Data under study START
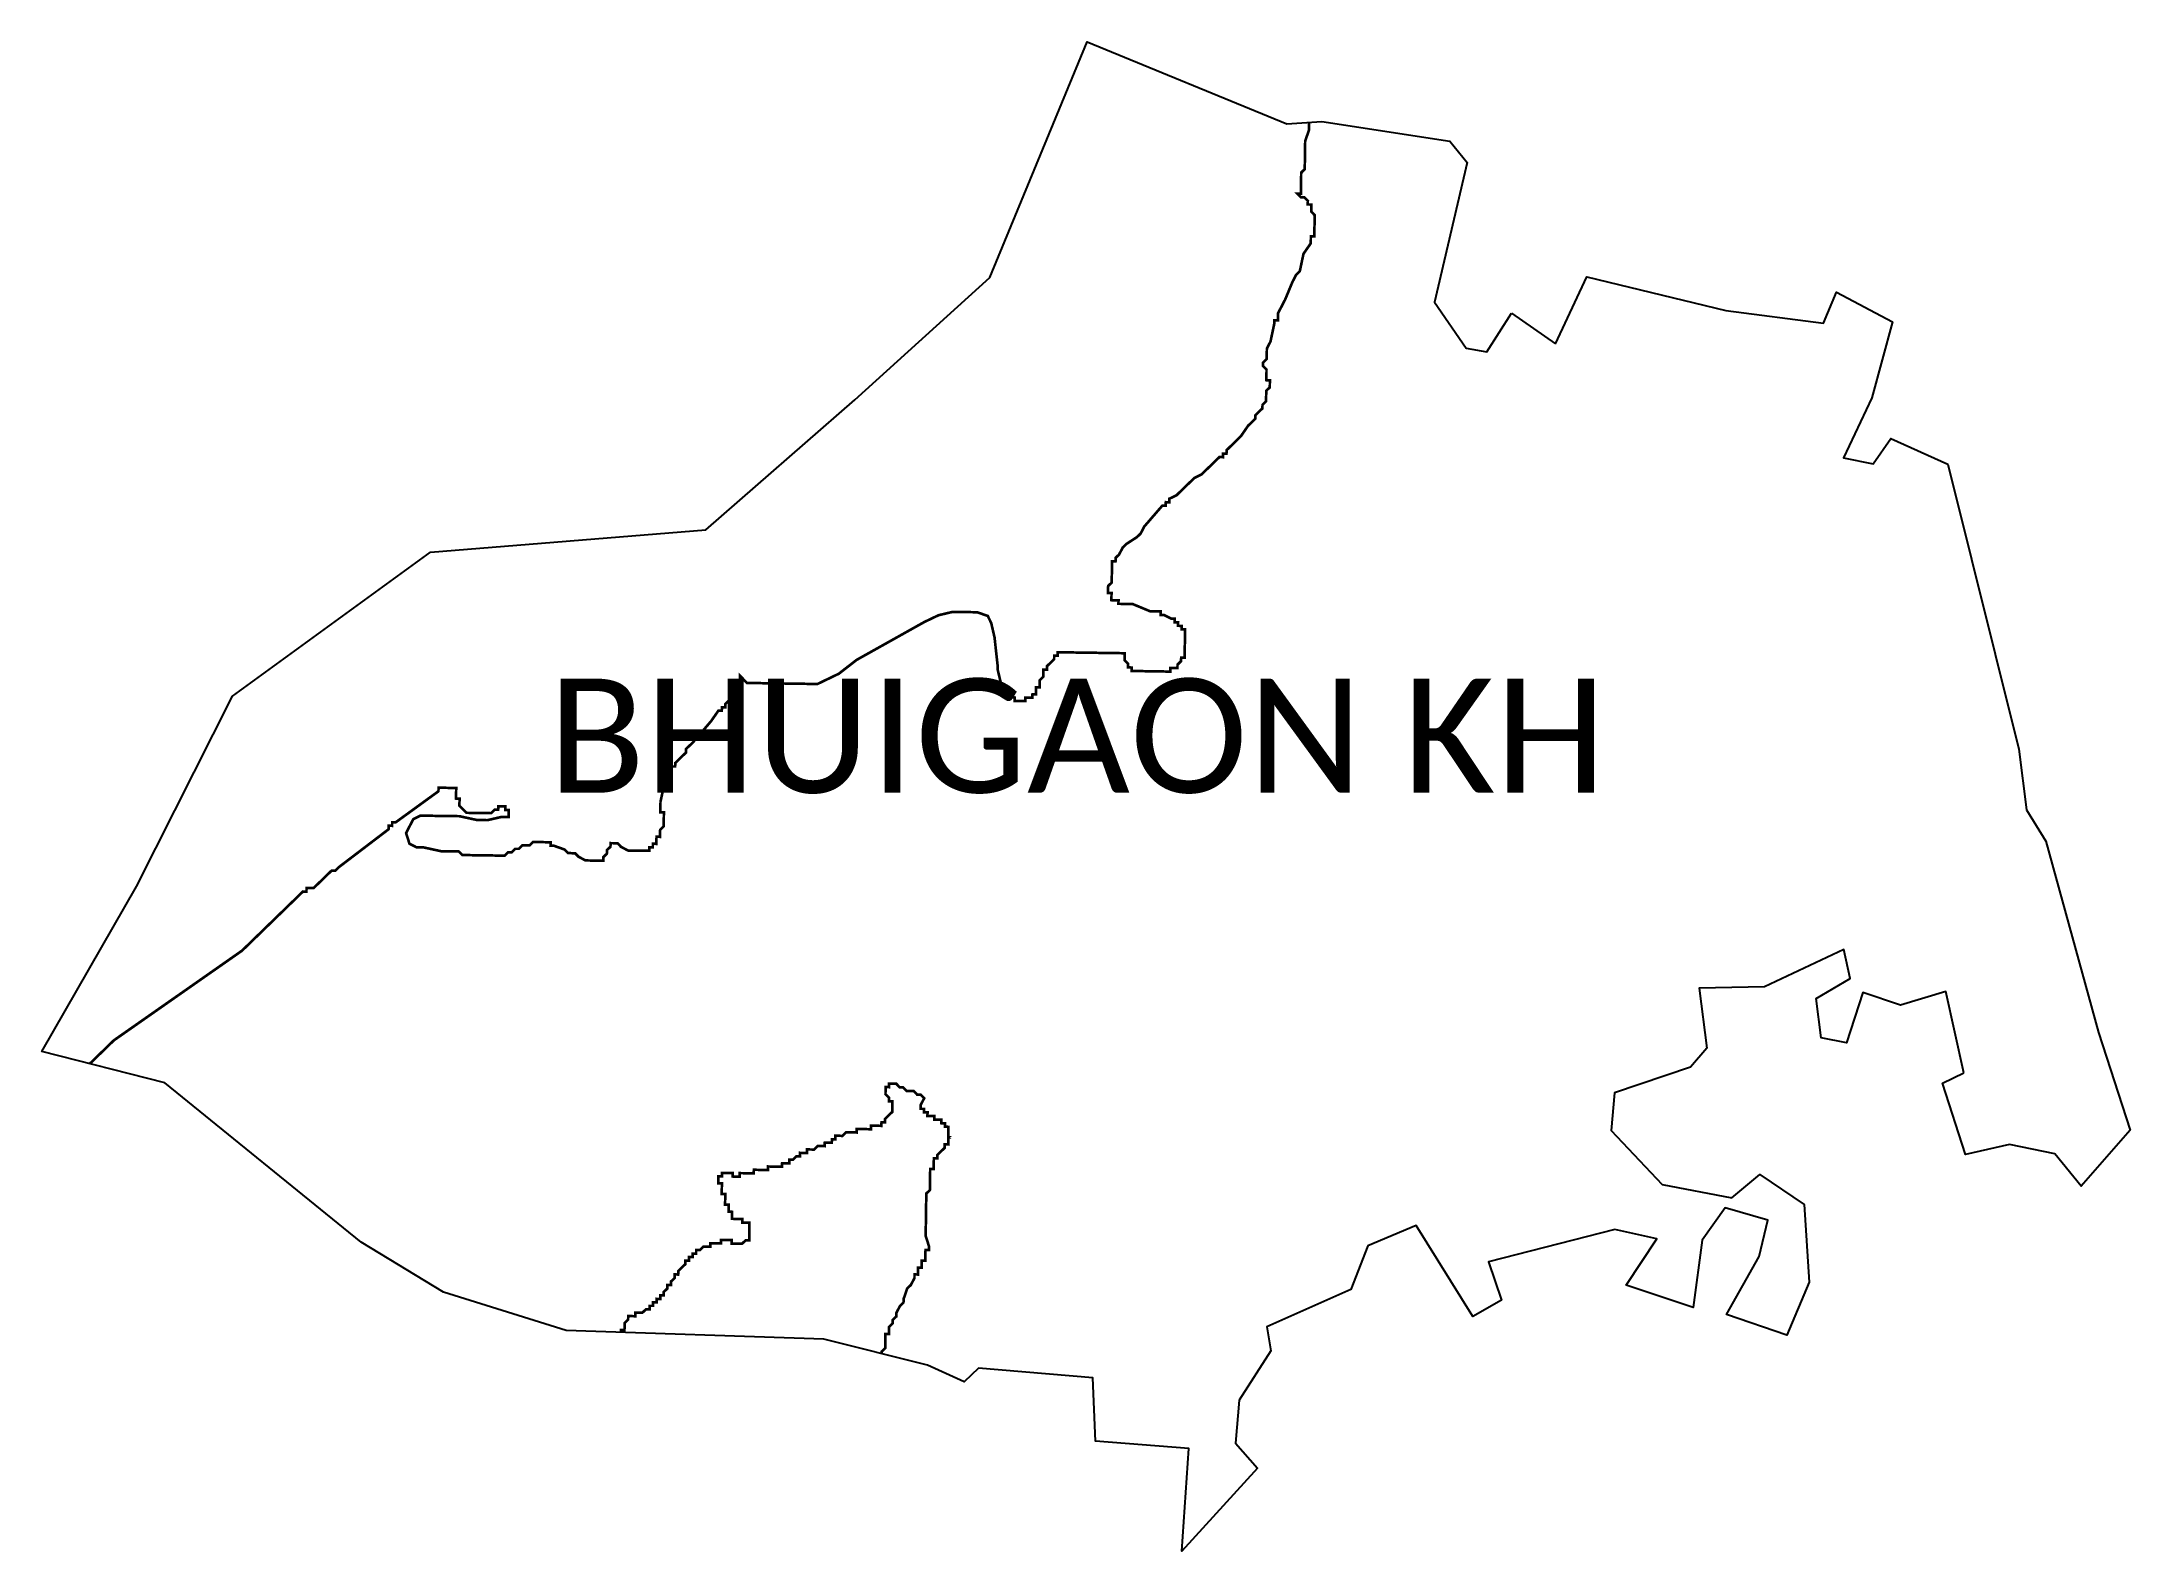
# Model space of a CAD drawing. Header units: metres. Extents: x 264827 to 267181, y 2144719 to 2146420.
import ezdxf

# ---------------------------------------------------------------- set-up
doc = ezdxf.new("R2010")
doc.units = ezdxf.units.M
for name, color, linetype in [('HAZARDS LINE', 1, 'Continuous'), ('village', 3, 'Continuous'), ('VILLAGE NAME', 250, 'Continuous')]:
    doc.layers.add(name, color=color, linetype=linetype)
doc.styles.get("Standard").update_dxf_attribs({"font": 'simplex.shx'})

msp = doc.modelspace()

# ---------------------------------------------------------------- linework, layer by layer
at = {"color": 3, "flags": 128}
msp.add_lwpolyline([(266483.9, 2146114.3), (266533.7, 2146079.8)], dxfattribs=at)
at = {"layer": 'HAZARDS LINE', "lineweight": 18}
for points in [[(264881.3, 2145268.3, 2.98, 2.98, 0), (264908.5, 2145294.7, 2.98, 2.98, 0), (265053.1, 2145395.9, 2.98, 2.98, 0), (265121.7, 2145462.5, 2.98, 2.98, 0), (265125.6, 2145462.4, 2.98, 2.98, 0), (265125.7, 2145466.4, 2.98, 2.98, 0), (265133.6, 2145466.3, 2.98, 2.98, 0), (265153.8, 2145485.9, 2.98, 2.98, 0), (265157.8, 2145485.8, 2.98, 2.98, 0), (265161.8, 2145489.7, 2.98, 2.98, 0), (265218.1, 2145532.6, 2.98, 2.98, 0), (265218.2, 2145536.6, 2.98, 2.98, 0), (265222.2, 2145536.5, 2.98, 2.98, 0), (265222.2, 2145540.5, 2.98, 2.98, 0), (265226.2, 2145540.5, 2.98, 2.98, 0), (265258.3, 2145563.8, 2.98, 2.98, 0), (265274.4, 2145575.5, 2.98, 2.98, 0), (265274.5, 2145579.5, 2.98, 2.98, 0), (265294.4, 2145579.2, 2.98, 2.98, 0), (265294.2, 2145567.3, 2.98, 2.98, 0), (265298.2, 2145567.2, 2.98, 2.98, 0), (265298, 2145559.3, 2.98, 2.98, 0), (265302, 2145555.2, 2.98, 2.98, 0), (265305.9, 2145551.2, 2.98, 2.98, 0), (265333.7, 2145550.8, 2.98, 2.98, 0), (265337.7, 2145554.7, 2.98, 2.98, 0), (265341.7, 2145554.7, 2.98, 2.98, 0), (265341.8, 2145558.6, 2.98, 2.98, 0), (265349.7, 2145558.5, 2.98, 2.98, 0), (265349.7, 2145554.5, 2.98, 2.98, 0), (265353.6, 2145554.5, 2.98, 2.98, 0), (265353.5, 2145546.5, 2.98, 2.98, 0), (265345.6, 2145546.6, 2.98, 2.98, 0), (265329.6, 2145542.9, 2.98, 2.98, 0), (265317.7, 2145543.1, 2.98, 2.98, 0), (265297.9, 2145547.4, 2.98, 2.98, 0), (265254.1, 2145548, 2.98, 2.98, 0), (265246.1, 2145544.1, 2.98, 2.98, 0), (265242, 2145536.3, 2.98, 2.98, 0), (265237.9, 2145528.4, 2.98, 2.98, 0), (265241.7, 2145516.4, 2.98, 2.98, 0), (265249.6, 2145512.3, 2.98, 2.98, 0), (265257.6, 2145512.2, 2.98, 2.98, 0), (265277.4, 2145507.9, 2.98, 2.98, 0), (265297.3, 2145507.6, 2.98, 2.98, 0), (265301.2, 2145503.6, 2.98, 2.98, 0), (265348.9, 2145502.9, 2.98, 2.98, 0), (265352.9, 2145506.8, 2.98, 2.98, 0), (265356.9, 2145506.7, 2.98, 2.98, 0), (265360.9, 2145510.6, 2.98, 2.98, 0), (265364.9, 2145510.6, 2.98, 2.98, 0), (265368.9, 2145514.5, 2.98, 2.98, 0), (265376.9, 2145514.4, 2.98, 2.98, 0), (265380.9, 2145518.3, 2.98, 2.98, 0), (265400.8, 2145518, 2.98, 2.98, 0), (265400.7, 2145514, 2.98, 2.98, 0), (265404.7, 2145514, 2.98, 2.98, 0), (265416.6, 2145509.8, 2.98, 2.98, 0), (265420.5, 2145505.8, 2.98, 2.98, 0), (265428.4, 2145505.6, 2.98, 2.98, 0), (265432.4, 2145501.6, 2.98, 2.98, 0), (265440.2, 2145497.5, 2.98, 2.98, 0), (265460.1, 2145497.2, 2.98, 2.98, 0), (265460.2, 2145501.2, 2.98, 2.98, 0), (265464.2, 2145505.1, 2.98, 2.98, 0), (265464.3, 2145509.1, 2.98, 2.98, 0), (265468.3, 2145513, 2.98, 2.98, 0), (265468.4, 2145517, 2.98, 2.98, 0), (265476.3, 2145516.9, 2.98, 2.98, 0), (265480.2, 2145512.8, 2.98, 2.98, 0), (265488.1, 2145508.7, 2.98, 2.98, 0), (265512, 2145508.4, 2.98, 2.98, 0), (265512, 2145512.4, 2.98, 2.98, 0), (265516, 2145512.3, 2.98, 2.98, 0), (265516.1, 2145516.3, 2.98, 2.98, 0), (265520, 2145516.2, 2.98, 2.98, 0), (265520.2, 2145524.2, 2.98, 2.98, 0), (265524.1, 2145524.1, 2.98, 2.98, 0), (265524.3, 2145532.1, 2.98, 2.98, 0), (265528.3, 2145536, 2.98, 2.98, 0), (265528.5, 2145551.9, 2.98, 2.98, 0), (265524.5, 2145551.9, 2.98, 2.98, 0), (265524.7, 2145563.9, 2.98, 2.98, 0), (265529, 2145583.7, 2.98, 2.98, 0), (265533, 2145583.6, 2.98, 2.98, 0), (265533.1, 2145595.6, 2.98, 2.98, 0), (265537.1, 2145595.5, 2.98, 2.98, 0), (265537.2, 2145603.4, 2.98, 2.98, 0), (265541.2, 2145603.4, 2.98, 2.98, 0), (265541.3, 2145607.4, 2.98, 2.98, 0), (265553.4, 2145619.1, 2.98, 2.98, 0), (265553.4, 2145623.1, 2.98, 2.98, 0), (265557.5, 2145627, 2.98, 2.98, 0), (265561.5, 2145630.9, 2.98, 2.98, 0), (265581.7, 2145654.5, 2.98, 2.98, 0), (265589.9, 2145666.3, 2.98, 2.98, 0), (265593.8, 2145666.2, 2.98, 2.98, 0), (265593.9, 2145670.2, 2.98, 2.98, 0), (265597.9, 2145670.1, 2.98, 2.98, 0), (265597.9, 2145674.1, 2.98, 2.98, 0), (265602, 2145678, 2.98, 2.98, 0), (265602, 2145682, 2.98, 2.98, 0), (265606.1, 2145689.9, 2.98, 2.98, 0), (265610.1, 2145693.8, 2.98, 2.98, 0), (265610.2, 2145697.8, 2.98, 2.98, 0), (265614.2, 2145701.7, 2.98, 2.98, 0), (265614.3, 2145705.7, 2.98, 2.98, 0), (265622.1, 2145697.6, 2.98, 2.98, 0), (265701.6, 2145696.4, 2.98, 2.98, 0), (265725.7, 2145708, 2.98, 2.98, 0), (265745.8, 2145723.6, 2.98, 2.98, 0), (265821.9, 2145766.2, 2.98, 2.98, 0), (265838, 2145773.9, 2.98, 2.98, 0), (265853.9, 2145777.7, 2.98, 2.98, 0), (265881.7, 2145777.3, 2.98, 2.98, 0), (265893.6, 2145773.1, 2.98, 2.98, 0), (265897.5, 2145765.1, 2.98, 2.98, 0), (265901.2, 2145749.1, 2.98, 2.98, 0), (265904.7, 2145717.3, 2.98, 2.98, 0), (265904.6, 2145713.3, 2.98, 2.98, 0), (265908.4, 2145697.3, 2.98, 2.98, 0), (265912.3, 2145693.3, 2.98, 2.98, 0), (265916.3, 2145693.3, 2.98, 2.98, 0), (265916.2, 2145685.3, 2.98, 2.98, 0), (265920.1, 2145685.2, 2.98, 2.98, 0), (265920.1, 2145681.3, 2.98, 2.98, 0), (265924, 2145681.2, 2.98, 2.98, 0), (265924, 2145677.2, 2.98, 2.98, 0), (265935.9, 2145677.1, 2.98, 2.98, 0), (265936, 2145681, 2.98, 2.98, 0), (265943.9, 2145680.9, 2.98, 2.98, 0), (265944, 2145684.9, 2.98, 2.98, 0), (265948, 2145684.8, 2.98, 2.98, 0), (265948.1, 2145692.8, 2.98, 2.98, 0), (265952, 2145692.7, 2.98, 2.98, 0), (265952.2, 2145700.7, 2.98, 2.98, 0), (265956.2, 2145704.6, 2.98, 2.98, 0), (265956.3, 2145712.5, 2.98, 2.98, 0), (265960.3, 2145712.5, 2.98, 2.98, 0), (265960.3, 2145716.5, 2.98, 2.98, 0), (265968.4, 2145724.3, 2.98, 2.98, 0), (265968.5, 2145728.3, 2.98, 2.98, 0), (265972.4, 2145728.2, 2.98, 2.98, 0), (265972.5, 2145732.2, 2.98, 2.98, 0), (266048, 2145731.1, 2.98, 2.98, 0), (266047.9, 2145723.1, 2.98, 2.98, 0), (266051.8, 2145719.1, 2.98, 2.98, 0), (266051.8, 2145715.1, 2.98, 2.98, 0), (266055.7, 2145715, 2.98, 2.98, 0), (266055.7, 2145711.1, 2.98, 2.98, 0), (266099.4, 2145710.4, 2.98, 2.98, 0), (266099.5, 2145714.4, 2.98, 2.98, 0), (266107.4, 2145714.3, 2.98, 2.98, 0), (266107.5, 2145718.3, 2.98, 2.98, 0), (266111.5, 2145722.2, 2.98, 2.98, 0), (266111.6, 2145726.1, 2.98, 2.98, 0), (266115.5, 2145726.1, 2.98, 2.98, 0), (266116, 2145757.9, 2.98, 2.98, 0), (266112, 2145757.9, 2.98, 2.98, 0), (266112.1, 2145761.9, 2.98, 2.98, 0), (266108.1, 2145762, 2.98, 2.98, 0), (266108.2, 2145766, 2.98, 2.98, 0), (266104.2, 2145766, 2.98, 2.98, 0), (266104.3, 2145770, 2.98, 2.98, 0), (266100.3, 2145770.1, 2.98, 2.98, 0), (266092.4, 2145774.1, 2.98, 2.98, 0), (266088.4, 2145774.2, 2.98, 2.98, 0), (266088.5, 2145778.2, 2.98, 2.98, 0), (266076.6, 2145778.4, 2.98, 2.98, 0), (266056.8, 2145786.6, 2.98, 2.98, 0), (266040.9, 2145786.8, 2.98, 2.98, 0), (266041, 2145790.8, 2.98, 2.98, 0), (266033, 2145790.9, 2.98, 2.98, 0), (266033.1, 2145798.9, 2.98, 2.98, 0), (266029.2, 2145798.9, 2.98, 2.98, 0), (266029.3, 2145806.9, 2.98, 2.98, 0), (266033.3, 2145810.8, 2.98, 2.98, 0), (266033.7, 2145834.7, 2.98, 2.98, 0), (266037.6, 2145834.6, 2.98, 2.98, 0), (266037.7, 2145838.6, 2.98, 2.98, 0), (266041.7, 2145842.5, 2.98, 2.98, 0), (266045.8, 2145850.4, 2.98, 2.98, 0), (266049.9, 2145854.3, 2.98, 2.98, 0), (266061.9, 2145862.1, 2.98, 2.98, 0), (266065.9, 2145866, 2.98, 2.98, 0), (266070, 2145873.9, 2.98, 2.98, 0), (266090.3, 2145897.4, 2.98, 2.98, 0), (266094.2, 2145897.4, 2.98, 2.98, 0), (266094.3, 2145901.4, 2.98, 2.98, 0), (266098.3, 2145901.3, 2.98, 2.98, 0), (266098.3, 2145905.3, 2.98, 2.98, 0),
Data under study END
> _Exercise aim_
Pull out every line holding "linetype" from the records above, and copy it.

> _Task output_
for name, color, linetype in [('HAZARDS LINE', 1, 'Continuous'), ('village', 3, 'Continuous'), ('VILLAGE NAME', 250, 'Continuous')]:
    doc.layers.add(name, color=color, linetype=linetype)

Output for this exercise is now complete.